Die erste Paneldiskussion widmete sich Governance- und Compliance-Strukturen. Unter dem Titel „Hochschulen auf dem Weg zu Compliance Internationales?“ diskutierten Dr. Johannes Müller (Leiter Global Office, Goethe-Universität Frankfurt), Ann-Kathrin Bilda (Leiterin des Compliance Office, Universität Münster) und Ralf Karrenbauer (Exportkontrollbeauftragter, Universität Bonn). Ein zentrales Ergebnis: Klar verankerte Strukturen helfen, intern Verantwortung zu bündeln, Prozesse zu koordinieren und Forschungssicherheit enger an die Hochschulleitung anzubinden. Zusätzlich braucht es eine Vernetzung nach außen, um zeitnah und verhältnismäßig auf Veränderungen in den rechtlichen Grundlagen oder im politischen Kontext reagieren zu können. Diese Kombination ermöglicht es, Forschenden in ihrem eigenverantwortlichen Tun beratend zur Seite zu stehen und den Schutz der Wissenschaftsfreiheit zu gewährleisten.

Mehr Klarheit bei Begrifflichkeiten und institutionellen Schwerpunkten forderten im anschließenden Panel auch Prof. Dr. Andrea Fleschenberg dos Ramos Pinéu (Asien- und Afrikawissenschaften, HU Berlin), Prof. Dr. Heinz Pampel (Institut für Bibliotheks- und Informationswissenschaft, HU Berlin), Dr. Tim Flink (Manager, vfa) und Prof. Dr. Jens Eisert (Dahlem Center für komplexe Quantensysteme, FU Berlin). Damit Forschende das Spannungsfeld zwischen Sicherheitsanforderungen und Offenheit zukünftig noch besser navigieren können, sollten Beratungs- und Schulungsangebote der Guten Wissenschaftlichen Praxis um Sicherheitsaspekte erweitert werden.

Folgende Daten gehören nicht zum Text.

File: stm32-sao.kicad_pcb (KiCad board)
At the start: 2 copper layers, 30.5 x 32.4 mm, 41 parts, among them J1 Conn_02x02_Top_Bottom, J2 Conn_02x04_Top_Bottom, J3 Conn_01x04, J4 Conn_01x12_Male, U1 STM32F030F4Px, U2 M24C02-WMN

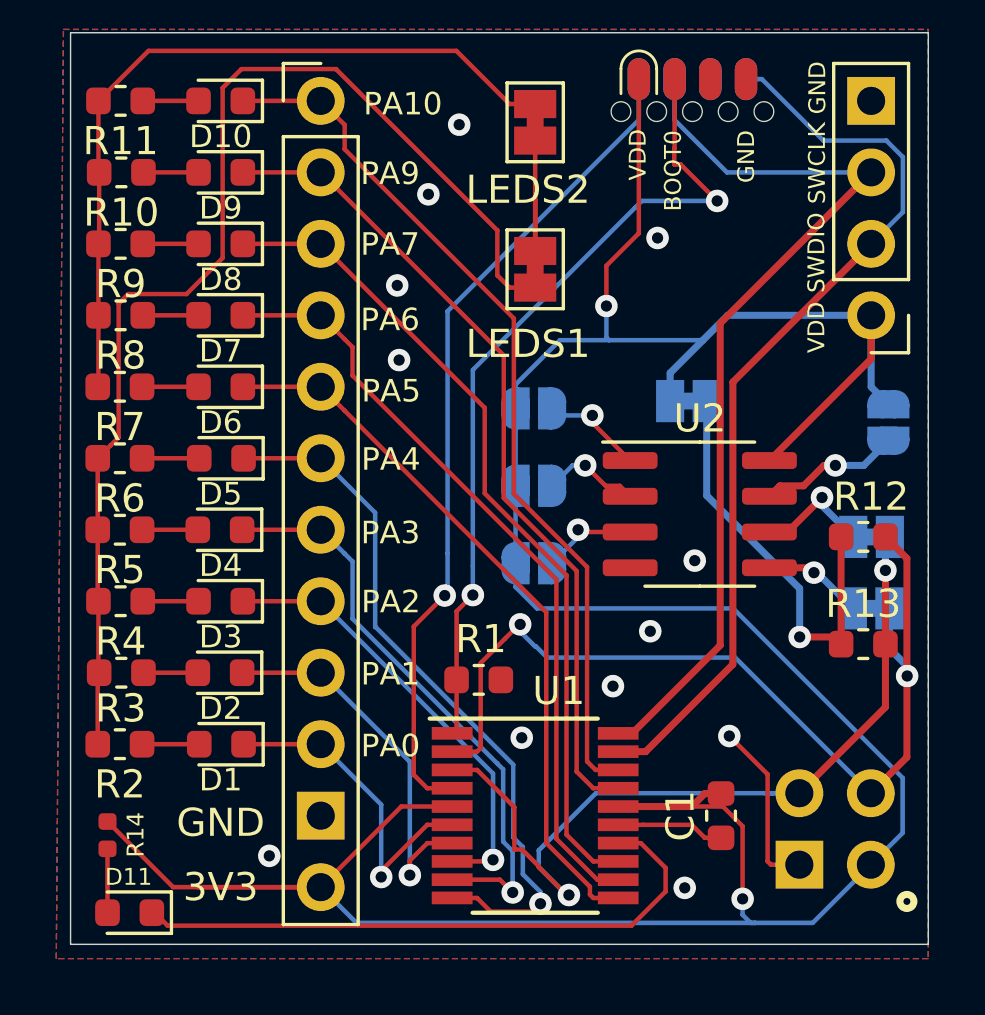
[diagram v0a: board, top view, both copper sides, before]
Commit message: fix: use male connector for SAO
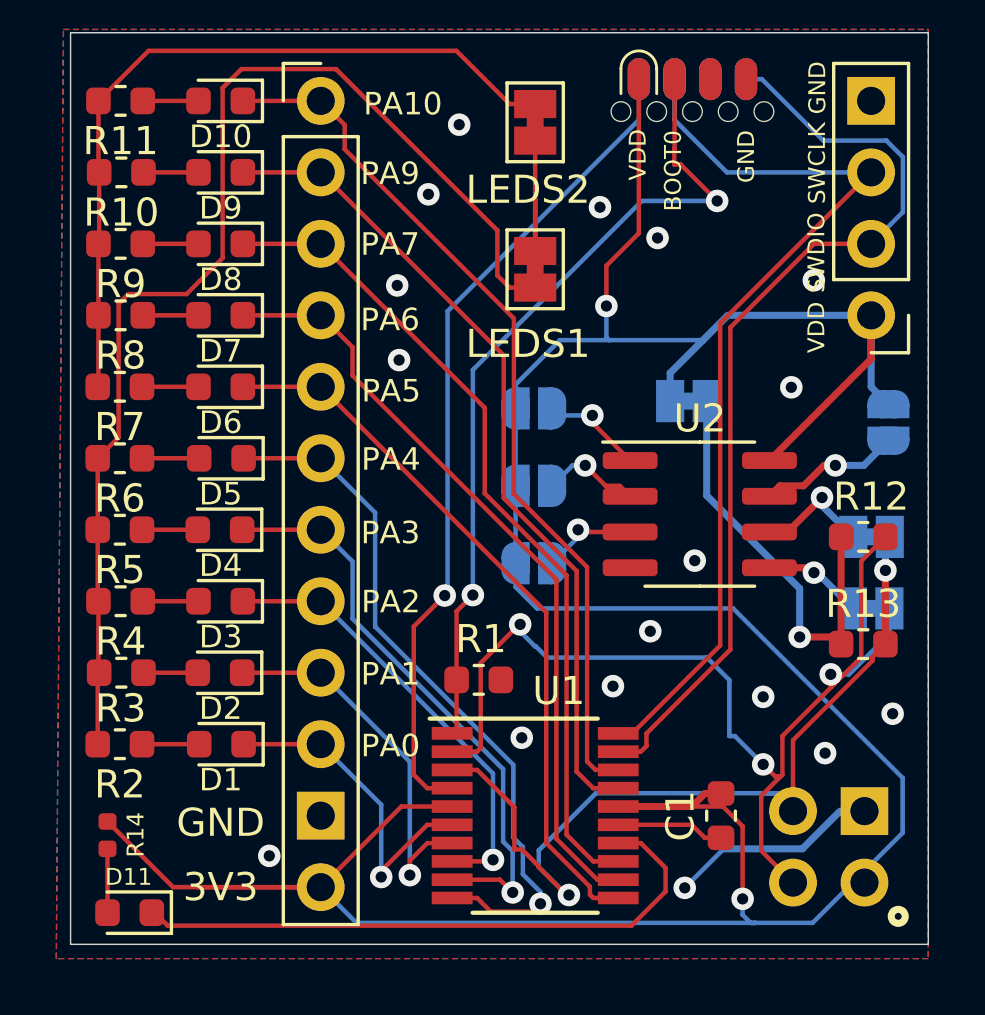
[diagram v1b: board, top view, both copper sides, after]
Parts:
- J1: footprint Connector_PinSocket_2.54mm:PinSocket_2x02_P2.54mm_Vertical -> Connector_PinHeader_2.54mm:PinHeader_2x02_P2.54mm_Vertical
- moved J1 0.67 mm to (135.4, 102.2), turned to 90 degrees
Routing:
- net /SDA: track 33.2 -> 37.3 mm, vias 2 -> 3
- net GND: track 15.8 -> 17.1 mm, vias 12 -> 17
- net /SWDIO: track 32.6 -> 33.7 mm
- net /SCL: track 29.6 -> 30.4 mm

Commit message: fix: optimize tracks + silk screen for pin 1
reduce track width, remove unused tracks,
mark UC pin 1 with a circle on silk screen
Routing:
- net VDD: track 113.5 -> 112.1 mm

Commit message: fix: LEDs connected wrong
they should be connected to VCC, not GND!
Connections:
- JP7 pad 2: GND -> VDD
- JP8 pad 2: GND -> VDD
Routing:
- net VDD: track 112.1 -> 122.4 mm
- net GND: track 17.1 -> 11.4 mm, vias 17 -> 18
- net Net-(JP7-Pad1): track 42.0 -> 43.5 mm
- net Net-(D1-Pad1): track 11.8 -> 13.3 mm
- net Net-(D8-Pad1): track 29.6 -> 31.0 mm
- net Net-(D6-Pad1): track 25.8 -> 26.4 mm

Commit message: fix: wrong I2C pins
PA9/PA10 should be connected to the I2C bus instead of PF0/PF1
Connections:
- D10 pad 1: Net-(D10-Pad1) -> /LED10
- D9 pad 1: Net-(D9-Pad1) -> /LED9
- J4 pad 1: Net-(D10-Pad1) -> /LED10
- J4 pad 2: Net-(D9-Pad1) -> /LED9
- U1 pad 17: Net-(D9-Pad1) -> /SCL
- U1 pad 18: Net-(D10-Pad1) -> /SDA
- U1 pad 2: /SDA -> /LED9
- U1 pad 3: /SCL -> /LED10
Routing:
- net Net-(D10-Pad1): track 31.4 -> 0.00 mm
- net /LED10: track 0.00 -> 30.2 mm, vias 0 -> 1
- net Net-(D9-Pad1): track 29.6 -> 0.00 mm
- net /LED9: track 0.00 -> 26.4 mm, vias 0 -> 1
- net /SDA: track 37.3 -> 29.9 mm, vias 3 -> 2
- net /SCL: track 30.4 -> 32.0 mm
- net VDD: track 122.4 -> 123.1 mm
- net GND: track 11.4 -> 12.0 mm, vias 18 -> 19

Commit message: fix: silk screen
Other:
- board text added: "PF0"
- board text added: "PF1"
- board text removed: "PA10"
- board text removed: "PA9"
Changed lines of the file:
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@@
   )
   (setup
-    (last_trace_width 0.16)
+    (last_trace_width 0.25)
     (user_trace_width 0.16)
     (trace_clearance 0.2)
@@
     (effects (font (size 0.6 0.6) (thickness 0.1)))
   )
-  (gr_text PA10 (at 118.99646 74.53122) (layer F.SilkS)
+  (gr_text PF1 (at 118.54434 74.53122) (layer F.SilkS)
     (effects (font (size 0.8 0.8) (thickness 0.1)))
   )
-  (gr_text PA9 (at 118.54434 77.00518) (layer F.SilkS)
+  (gr_text PF0 (at 118.54434 77.00518) (layer F.SilkS)
     (effects (font (size 0.8 0.8) (thickness 0.1)))
   )

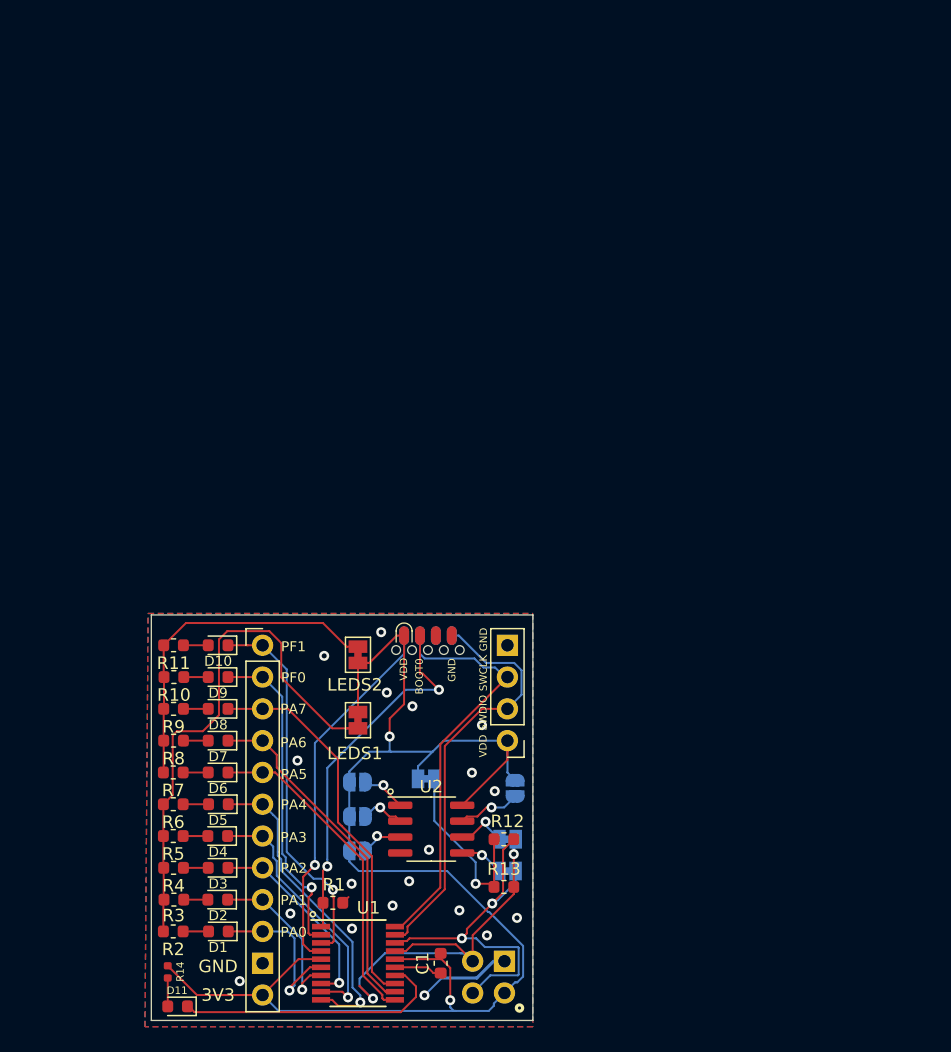
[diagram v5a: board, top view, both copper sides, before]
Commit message: feat: second version of the PCB
1. Upgrade #badgelife Shitty Add-On connector to V1.69bis
2. Add 10 NeoPixels (WS2812B-Mini)
3. Add a small 7mm speaker
4. Redesign the board
5. Add a second I2C EEPROM
6. Add AramCon conference logo
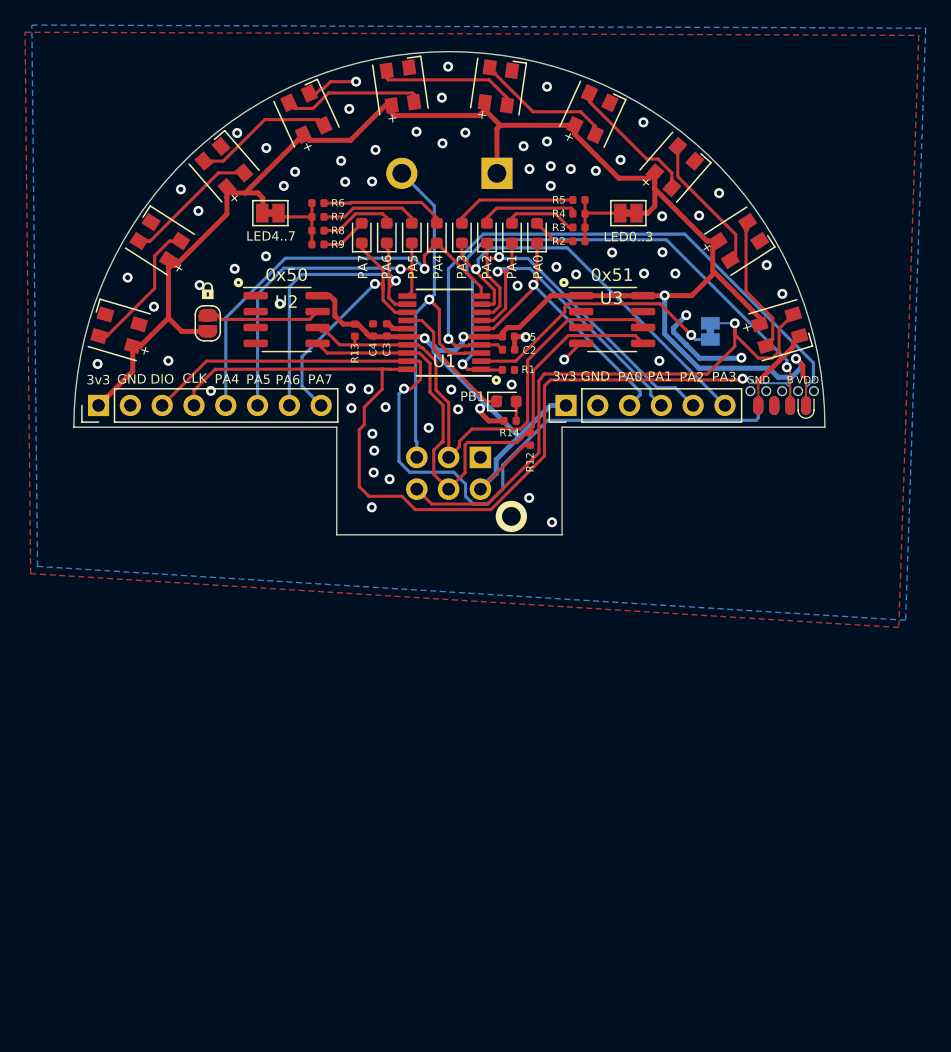
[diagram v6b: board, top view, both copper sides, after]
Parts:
- removed C1: 1uF, Capacitor_SMD:C_0603_1608Metric
- removed D10, D9: LED, LED_SMD:LED_0603_1608Metric
- removed J3: Conn_01x04, Connector_PinHeader_2.54mm:PinHeader_1x04_P2.54mm_Vertical
- removed JP2: E1, Jumper:SolderJumper-2_P1.3mm_Open_RoundedPad1.0x1.5mm
- removed JP3: E2, Jumper:SolderJumper-2_P1.3mm_Open_RoundedPad1.0x1.5mm
- removed JP5: SDA, Jumper:SolderJumper-2_P1.3mm_Bridged_Pad1.0x1.5mm
- removed JP6: SCL, Jumper:SolderJumper-2_P1.3mm_Bridged_Pad1.0x1.5mm
- removed JP9: I2C_PULLUP, Jumper:SolderJumper-2_P1.3mm_Bridged_Pad1.0x1.5mm
- removed R10, R11: 4.7k, Resistor_SMD:R_0603_1608Metric
- added C2: 1uF, Capacitor_SMD:C_0402_1005Metric, F.Cu at (135.7, 50.8)
- added C3: 100nF, Capacitor_SMD:C_0402_1005Metric, F.Cu at (126.0, 49.2)
- added C4: 4.7uF, Capacitor_SMD:C_0402_1005Metric, F.Cu at (124.9, 49.2)
- added C5: 1uF, Capacitor_SMD:C_0402_1005Metric, F.Cu at (135.7, 49.8)
- added D12: WS2812B, AramCon:LED-SMD_4P-L3.5-W3.5-TL_WS2812B, F.Cu at (157.4, 49.3)
- added D13: WS2812B, AramCon:LED-SMD_4P-L3.5-W3.5-TL_WS2812B, F.Cu at (154.1, 42.1)
- added D14: WS2812B, AramCon:LED-SMD_4P-L3.5-W3.5-TL_WS2812B, F.Cu at (149.0, 36.2)
- added D15: WS2812B, AramCon:LED-SMD_4P-L3.5-W3.5-TL_WS2812B, F.Cu at (142.4, 32.0)
- added D16: WS2812B, AramCon:LED-SMD_4P-L3.5-W3.5-TL_WS2812B, F.Cu at (134.9, 29.8)
- added D17: WS2812B, AramCon:LED-SMD_4P-L3.5-W3.5-TL_WS2812B, F.Cu at (127.1, 29.8)
- added D18: WS2812B, AramCon:LED-SMD_4P-L3.5-W3.5-TL_WS2812B, F.Cu at (119.6, 32.0)
- added D19: WS2812B, AramCon:LED-SMD_4P-L3.5-W3.5-TL_WS2812B, F.Cu at (113.0, 36.2)
- added D20: WS2812B, AramCon:LED-SMD_4P-L3.5-W3.5-TL_WS2812B, F.Cu at (107.9, 42.1)
- added D21: WS2812B, AramCon:LED-SMD_4P-L3.5-W3.5-TL_WS2812B, F.Cu at (104.6, 49.3)
- added LS1: Speaker, AramCon:BUZZER-R14-2P-7.6PITCH, B.Cu at (131.0, 36.7)
- added U3: AT24C256C, Package_SO:SOIC-8_3.9x4.9mm_P1.27mm, F.Cu at (144.0, 48.4)
- added X1: Badgelife_sao_connector_v169bis, AramCon:Badgelife-SAOv169-SAO-2x3, F.Cu at (131.0, 60.7)
- added svg2mod: G***, AramCon:aramcon-logo-2, B.Cu at (130.8, 47.8)
- added svg2mod: G***, AramCon:lock, F.Cu at (111.7, 46.1)
- J1: value Conn_02x02_Top_Bottom -> Conn_01x06_Male; footprint Connector_PinHeader_2.54mm:PinHeader_2x02_P2.54mm_Vertical -> Connector_PinHeader_2.54mm:PinHeader_1x06_P2.54mm_Vertical; moved to F.Cu
- J4: value Conn_01x12_Male -> Conn_01x08_Male; footprint Connector_PinHeader_2.54mm:PinHeader_1x12_P2.54mm_Vertical -> Connector_PinHeader_2.54mm:PinHeader_1x08_P2.54mm_Vertical
- JP1: value E0 -> SolderJumper_2_Bridged; footprint Jumper:SolderJumper-2_P1.3mm_Open_RoundedPad1.0x1.5mm -> Jumper:SolderJumper-2_P1.3mm_Bridged_Pad1.0x1.5mm
- JP4: moved to F.Cu
- R1, R12, R13, R2, R3, R4, R5, R6, R7, R8, R9: footprint Resistor_SMD:R_0603_1608Metric -> Resistor_SMD:R_0402_1005Metric
- moved R2 64.0 mm to (141.3, 42.1), turned to 0 degrees
- moved R3 62.7 mm to (141.3, 41.0), turned to 0 degrees
- moved R4 61.5 mm to (141.3, 40.0), turned to 0 degrees
- moved D1 61.3 mm to (138.0, 41.5), turned to 90 degrees
- moved R5 60.3 mm to (141.3, 38.9), turned to 0 degrees
- moved D2 58.2 mm to (136.0, 41.5), turned to 90 degrees
- moved D3 55.1 mm to (134.0, 41.5), turned to 90 degrees
- moved D11 55.0 mm to (135.6, 55.0), turned to 0 degrees
- moved D4 52.0 mm to (132.0, 41.5), turned to 90 degrees
- moved R14 51.8 mm to (135.8, 56.5), turned to 0 degrees
- moved U1 50.8 mm to (130.6, 49.5), turned to 180 degrees
- moved R6 49.4 mm to (120.5, 39.1)
- moved D5 48.8 mm to (130.0, 41.5), turned to 90 degrees
- moved J1 47.2 mm to (140.3, 55.3)
- moved R13 46.0 mm to (123.5, 49.2), turned to 270 degrees
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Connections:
- D1 pad 1: Net-(D1-Pad1) -> /GPIO0
- D2 pad 1: Net-(D2-Pad1) -> /GPIO1
- D3 pad 1: Net-(D3-Pad1) -> /GPIO2
- D4 pad 1: Net-(D4-Pad1) -> /GPIO3
- D5 pad 1: Net-(D5-Pad1) -> /GPIO4
- D6 pad 1: Net-(D6-Pad1) -> /GPIO5
- D7 pad 1: Net-(D7-Pad1) -> /GPIO6
- D8 pad 1: Net-(D8-Pad1) -> /GPIO7
- J1 pad 3: /SDA -> /GPIO0
- J1 pad 4: /SCL -> /GPIO1
- J4 pad 1: /LED10 -> VDD
- J4 pad 2: /LED9 -> GND
- J4 pad 3: Net-(D8-Pad1) -> /SWDIO
- J4 pad 4: Net-(D7-Pad1) -> /SWCLK
- J4 pad 5: Net-(D6-Pad1) -> /GPIO4
- J4 pad 6: Net-(D5-Pad1) -> /GPIO5
- J4 pad 7: Net-(D4-Pad1) -> /GPIO6
- J4 pad 8: Net-(D3-Pad1) -> /GPIO7
- JP1 pad 1: VDD -> /NEOPIXELS
- R12 pad 1: Net-(JP9-Pad2) -> VDD
- R13 pad 1: Net-(JP9-Pad2) -> VDD
- R6 pad 2: Net-(JP7-Pad1) -> Net-(JP8-Pad1)
- U1 pad 10: Net-(D5-Pad1) -> /GPIO4
- U1 pad 11: Net-(D6-Pad1) -> /GPIO5
- U1 pad 12: Net-(D7-Pad1) -> /GPIO6
- U1 pad 13: Net-(D8-Pad1) -> /GPIO7
- U1 pad 2: /LED9 -> Net-(JP1-Pad2)
- U1 pad 3: /LED10 -> /SPEAKER
- U1 pad 6: Net-(D1-Pad1) -> /GPIO0
- U1 pad 7: Net-(D2-Pad1) -> /GPIO1
- U1 pad 8: Net-(D3-Pad1) -> /GPIO2
- U1 pad 9: Net-(D4-Pad1) -> /GPIO3
- U2 pad 1: Net-(JP1-Pad2) -> Net-(U2-Pad1)
- U2 pad 5: Net-(JP5-Pad1) -> /SDA
- U2 pad 6: Net-(JP6-Pad1) -> /SCL
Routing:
- net VDD: track 123.1 -> 182.6 mm, vias 2 -> 5
- net /NEOPIXELS: track 0.00 -> 47.2 mm, vias 0 -> 1
- net /SWCLK: track 33.2 -> 74.1 mm, vias 0 -> 1
- net Net-(JP7-Pad1): track 43.5 -> 6.14 mm
- net /GPIO3: track 0.00 -> 33.5 mm, vias 0 -> 1
- net /GPIO4: track 0.00 -> 33.4 mm, vias 0 -> 1
- net /SWDIO: track 33.7 -> 67.0 mm, vias 0 -> 1
- net /SPEAKER: track 0.00 -> 31.9 mm, vias 0 -> 1
- net Net-(D8-Pad1): track 31.0 -> 0.00 mm
- net /LED10: track 30.2 -> 0.00 mm, vias 1 -> 0
- net /GPIO2: track 0.00 -> 28.7 mm, vias 0 -> 1
- net Net-(D7-Pad1): track 27.6 -> 0.00 mm
- net /GPIO5: track 0.00 -> 26.7 mm, vias 0 -> 1
- net Net-(D6-Pad1): track 26.4 -> 0.00 mm
- net /GPIO1: track 0.00 -> 26.4 mm, vias 0 -> 1
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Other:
- board size 30.5 x 32.4 mm -> 60 x 38.6 mm
- board text added: "0x50"
- board text added: "0x51"
- board text added: "3v3"
- board text added: "B"
- board text added: "CLK"
- board text added: "DIO"
- board text added: "LED0..3"
- board text added: "LED4..7"
- board text added: "NeoPixels"
- board text added: "PB1"
- board text added: "STM32"
- board text added: "© 2020, Uri Shaked"
- board text removed: "3V3"
- board text removed: "BOOT0"
- board text removed: "PF0"
- board text removed: "PF1"
- board text removed: "© 2019, Uri Shaked"

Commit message: feat: add background pattern to back side
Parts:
- added Ref**: Val**, AramCon:background, B.Cu at (131.2, 42.6)

Diese sollten dialogisch von Forschenden und Institutionen entwickelt werden: Einzelne Fächerkulturen können mit ihren Erfahrungen in der ethischen und sicherheitsrelevanten Folgenabschätzungen einen wichtigen Beitrag leisten und erhalten im Gegenzug möglichst unbürokratisch Unterstützung bei der praktischen Ausgestaltung ihrer Kooperationen.

Im abschließenden Panel wurde die Rolle nationaler Koordinationsstrukturen diskutiert, insbesondere die aktuell entstehende Nationale Plattform für Forschungssicherheit. Teilnehmende waren Sakine Weikert (Leiterin Kompetenzzentrum Internationale Wissenschaftskooperationen (KIWi) des DAAD), Nils Droste (Leiter Referat Forschungssicherheit und Investitionsprüfung, BMFTR), Dr. Simone Rehm (Prorektorin für Informationstechnologie, Universität Stuttgart) und Dr. Magnus Rüde (Leiter Geschäftsstelle Aufsichtsrat, Charité). Die Plattform wurde als wichtiger Schritt zur Bündelung von Expertise und zur Unterstützung komplexer Kooperationsvorhaben gewertet. Kritisch erörtert wurden die Vermeidung von Doppelstrukturen zu bestehenden Beratungsangeboten und die Frage, wie autonome Governance- und Selbstverwaltungsstrukturen an eine solche Plattform anschlussfähig gemacht werden können – insbesondere vor dem Hintergrund begrenzter personeller Ressourcen auf Seiten der Hochschulen.

Fazit und Ausblick

Die Konferenz machte deutlich: Forschungssicherheit ist ein gesamtinstitutionelles Thema, das fachübergreifend und in enger Abstimmung zwischen Wissenschaft, Verwaltung und Politik bearbeitet werden muss. Wichtige nächste Schritte sind die Weiterentwicklung institutionsspezifischer Governance-Modelle, die Stärkung von Schulungs- und Beratungsangeboten sowie die Schaffung von Schnittstellen zu nationalen Koordinationsstrukturen. Der intensive informelle Austausch während der Veranstaltung zeigte zugleich, dass ein hoher Bedarf an Vernetzung und Erfahrungsaustausch besteht – eine Basis, auf der künftig gemeinsame Lösungsansätze und Aktivitäten aufgebaut werden können.